→ Task description:
Only lines below containing the string "replaced" should be counted; please give that count by itself.

→ Working data:
# # # #

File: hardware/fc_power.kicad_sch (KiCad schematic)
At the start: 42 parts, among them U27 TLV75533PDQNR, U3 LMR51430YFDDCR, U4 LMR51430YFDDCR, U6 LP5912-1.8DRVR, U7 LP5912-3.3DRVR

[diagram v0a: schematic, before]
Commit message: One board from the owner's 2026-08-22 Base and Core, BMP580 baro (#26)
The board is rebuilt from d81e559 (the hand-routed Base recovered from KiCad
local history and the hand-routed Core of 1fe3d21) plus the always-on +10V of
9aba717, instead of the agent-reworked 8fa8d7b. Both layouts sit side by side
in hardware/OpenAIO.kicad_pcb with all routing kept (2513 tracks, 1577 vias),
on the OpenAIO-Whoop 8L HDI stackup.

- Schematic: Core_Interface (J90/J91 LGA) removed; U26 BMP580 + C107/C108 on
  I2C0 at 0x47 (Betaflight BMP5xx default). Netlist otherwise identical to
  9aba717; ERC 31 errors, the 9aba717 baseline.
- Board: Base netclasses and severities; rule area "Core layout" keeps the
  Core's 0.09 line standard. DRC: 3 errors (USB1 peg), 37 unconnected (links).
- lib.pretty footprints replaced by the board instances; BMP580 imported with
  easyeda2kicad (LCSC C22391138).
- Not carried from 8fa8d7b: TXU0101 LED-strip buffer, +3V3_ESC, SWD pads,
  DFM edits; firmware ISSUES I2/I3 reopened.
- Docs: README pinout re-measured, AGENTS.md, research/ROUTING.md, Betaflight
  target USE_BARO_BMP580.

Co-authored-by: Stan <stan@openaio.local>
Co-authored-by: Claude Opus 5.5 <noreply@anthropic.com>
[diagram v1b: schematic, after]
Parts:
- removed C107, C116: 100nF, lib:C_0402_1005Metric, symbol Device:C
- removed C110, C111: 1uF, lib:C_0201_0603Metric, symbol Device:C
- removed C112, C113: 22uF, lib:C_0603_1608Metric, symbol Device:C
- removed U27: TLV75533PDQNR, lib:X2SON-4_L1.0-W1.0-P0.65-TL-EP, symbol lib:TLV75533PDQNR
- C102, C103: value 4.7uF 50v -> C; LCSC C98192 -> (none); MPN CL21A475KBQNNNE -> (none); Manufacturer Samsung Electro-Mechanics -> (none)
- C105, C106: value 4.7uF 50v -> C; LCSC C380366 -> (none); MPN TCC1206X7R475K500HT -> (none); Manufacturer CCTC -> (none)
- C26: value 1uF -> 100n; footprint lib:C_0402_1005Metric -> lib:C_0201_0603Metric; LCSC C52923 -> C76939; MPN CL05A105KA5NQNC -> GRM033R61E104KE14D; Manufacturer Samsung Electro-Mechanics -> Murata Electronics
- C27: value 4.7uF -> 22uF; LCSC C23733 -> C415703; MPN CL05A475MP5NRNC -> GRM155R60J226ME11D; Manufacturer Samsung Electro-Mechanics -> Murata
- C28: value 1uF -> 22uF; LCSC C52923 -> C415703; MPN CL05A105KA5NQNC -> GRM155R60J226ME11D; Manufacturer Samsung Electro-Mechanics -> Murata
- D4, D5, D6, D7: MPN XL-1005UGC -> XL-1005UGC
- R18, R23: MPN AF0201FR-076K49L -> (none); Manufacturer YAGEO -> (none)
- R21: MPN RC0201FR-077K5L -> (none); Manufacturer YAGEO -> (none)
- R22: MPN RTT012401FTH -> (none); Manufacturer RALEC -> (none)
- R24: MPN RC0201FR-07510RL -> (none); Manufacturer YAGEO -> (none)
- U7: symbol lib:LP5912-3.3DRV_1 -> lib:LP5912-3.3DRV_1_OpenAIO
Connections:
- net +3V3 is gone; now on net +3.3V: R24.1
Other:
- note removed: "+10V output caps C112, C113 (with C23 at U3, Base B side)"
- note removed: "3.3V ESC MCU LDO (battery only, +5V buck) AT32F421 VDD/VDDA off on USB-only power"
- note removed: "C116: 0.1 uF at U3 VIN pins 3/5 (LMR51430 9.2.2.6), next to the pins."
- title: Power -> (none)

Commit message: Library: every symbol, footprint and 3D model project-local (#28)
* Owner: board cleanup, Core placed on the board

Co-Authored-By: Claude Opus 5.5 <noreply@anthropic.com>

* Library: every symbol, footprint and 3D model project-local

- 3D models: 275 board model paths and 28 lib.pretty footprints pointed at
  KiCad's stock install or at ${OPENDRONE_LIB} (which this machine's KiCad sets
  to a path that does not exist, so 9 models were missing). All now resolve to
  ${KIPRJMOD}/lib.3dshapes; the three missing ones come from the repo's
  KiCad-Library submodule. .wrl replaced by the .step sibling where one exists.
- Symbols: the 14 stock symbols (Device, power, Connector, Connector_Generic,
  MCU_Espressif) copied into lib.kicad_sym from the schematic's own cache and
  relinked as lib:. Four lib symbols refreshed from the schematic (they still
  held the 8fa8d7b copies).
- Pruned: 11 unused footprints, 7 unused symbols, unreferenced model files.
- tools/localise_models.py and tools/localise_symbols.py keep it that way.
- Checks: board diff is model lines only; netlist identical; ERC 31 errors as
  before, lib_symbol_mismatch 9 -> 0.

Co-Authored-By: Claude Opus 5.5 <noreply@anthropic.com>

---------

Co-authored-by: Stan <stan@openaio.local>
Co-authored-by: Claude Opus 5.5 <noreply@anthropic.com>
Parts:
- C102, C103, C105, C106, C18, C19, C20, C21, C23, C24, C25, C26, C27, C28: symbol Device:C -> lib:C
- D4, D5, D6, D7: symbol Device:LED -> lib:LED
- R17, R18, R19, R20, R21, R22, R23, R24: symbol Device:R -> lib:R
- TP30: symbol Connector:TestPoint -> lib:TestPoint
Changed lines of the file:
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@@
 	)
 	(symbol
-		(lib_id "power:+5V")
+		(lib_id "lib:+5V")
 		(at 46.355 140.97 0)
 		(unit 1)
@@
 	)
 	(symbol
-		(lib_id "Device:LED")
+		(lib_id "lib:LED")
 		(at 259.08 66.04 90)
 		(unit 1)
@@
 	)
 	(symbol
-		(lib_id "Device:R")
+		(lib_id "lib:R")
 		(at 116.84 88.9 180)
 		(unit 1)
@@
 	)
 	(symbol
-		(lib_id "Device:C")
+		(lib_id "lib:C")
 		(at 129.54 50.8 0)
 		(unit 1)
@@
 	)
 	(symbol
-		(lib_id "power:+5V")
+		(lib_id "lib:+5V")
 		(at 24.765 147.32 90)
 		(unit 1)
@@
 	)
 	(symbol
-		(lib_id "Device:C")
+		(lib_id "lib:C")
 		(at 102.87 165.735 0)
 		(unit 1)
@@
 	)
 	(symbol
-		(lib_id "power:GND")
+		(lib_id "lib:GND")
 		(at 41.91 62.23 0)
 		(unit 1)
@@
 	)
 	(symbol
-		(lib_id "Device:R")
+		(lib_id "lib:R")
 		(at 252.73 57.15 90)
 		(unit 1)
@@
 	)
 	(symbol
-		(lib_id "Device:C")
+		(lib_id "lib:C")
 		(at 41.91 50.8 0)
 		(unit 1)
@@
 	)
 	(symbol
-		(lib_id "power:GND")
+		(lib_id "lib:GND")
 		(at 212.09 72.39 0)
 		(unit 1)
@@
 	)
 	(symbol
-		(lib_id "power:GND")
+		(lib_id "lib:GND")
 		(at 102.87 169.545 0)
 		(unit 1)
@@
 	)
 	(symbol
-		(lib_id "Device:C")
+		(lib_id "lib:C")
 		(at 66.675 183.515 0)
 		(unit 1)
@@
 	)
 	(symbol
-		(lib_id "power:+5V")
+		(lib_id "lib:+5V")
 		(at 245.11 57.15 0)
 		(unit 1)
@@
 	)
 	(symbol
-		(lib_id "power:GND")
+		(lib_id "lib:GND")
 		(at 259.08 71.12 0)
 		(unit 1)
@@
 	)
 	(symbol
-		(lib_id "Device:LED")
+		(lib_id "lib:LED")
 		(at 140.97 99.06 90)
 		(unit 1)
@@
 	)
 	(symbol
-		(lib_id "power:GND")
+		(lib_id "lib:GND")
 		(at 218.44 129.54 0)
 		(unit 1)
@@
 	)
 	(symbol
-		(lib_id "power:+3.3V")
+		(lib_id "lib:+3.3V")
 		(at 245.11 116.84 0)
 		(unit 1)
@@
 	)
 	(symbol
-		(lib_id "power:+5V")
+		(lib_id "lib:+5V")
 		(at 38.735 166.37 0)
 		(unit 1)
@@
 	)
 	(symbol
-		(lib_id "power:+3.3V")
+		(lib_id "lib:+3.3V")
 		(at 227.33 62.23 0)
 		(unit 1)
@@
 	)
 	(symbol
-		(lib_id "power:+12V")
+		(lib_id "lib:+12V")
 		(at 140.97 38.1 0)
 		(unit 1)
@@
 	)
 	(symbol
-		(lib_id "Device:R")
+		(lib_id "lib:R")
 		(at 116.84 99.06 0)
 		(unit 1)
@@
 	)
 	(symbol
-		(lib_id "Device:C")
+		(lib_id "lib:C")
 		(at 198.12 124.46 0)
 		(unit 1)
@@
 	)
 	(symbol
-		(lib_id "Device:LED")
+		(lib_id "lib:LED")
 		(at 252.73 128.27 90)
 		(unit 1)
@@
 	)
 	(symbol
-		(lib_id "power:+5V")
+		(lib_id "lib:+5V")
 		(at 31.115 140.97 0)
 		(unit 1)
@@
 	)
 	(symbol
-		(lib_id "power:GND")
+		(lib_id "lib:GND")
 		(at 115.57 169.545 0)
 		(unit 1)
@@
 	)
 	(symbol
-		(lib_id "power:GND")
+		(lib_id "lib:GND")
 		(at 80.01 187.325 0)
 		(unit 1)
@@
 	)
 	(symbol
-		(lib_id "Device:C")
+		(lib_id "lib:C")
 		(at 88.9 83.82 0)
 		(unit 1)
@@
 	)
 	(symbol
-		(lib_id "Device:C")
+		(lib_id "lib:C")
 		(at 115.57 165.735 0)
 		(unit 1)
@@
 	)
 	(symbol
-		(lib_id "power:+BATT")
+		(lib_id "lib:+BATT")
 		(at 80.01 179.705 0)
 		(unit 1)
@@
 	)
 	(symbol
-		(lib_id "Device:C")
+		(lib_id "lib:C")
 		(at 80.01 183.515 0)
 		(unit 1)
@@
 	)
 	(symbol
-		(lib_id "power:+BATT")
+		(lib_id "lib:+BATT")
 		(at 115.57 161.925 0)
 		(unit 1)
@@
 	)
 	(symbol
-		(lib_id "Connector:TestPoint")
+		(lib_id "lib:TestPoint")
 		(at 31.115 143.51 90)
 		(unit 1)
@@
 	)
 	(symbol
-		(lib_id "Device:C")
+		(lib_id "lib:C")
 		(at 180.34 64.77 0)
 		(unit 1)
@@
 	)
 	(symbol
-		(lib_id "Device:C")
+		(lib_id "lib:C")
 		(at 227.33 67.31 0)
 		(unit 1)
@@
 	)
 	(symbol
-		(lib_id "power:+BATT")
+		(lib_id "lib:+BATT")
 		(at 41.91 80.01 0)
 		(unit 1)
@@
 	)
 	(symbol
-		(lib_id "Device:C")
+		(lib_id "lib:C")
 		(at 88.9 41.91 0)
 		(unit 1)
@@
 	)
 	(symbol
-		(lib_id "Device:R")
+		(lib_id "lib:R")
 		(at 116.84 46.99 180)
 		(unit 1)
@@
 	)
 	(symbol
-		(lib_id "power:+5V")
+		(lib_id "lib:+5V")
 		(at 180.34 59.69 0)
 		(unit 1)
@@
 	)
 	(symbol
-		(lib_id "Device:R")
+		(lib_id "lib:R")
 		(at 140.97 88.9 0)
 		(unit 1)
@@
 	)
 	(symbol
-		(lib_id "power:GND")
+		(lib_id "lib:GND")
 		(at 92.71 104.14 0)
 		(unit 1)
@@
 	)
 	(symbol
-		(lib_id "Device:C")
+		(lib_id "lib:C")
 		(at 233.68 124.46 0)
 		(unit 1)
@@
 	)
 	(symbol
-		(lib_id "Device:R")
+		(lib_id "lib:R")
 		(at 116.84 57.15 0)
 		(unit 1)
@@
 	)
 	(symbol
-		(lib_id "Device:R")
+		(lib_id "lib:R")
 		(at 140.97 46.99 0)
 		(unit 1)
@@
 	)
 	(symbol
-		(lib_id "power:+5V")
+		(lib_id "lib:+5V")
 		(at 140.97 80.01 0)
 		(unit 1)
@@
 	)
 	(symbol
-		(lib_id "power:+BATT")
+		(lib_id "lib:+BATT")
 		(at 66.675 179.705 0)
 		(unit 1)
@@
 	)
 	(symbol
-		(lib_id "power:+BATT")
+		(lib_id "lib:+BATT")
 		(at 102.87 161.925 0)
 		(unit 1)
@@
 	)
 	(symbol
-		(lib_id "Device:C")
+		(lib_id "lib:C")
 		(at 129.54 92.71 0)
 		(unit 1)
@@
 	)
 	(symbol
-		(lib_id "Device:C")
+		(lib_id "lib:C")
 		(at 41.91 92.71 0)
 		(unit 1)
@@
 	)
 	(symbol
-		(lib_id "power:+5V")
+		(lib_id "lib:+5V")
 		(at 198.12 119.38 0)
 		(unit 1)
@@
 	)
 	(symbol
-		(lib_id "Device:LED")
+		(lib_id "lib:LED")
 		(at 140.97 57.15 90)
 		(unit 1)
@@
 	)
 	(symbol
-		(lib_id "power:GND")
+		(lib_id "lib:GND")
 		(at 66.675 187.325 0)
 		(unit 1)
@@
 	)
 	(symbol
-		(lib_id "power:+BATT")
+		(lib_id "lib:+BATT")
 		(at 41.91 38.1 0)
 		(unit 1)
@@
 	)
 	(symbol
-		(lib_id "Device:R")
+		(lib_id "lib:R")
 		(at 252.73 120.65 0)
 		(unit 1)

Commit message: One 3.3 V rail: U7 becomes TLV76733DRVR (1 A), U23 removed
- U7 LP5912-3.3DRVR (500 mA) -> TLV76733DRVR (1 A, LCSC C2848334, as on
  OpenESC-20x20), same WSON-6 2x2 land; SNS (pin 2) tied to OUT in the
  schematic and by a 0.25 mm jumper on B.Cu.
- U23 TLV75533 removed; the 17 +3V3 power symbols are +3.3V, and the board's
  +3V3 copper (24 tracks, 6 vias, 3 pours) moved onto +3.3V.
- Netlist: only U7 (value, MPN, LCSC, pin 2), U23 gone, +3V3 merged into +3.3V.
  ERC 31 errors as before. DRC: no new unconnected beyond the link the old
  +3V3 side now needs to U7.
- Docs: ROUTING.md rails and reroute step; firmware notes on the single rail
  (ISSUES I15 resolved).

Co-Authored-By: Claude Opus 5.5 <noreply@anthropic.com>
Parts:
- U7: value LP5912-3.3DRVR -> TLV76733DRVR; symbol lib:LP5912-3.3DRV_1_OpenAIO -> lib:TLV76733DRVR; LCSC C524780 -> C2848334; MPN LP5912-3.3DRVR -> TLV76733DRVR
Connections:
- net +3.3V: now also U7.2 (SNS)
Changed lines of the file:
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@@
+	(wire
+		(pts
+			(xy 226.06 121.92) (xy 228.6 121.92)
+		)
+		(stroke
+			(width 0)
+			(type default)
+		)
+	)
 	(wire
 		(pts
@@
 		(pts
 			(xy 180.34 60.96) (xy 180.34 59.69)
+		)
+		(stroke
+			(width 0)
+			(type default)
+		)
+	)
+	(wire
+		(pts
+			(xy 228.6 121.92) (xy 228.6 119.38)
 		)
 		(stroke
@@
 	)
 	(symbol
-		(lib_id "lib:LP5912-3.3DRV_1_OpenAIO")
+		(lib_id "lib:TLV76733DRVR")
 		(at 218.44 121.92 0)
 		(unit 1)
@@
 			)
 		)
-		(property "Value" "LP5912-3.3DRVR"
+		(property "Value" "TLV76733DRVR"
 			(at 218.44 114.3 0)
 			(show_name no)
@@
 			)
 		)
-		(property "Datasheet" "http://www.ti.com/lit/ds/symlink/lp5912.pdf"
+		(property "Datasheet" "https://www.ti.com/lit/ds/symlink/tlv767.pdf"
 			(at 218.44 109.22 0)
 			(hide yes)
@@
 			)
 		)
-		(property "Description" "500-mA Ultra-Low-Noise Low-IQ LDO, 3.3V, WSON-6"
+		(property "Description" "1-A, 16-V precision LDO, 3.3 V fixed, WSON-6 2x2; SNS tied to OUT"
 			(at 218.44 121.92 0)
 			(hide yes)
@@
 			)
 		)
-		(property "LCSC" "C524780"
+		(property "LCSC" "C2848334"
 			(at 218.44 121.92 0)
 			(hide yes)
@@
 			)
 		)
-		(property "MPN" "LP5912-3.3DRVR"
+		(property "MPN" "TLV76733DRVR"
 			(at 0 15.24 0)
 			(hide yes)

# # # #

→ Result of the task:
2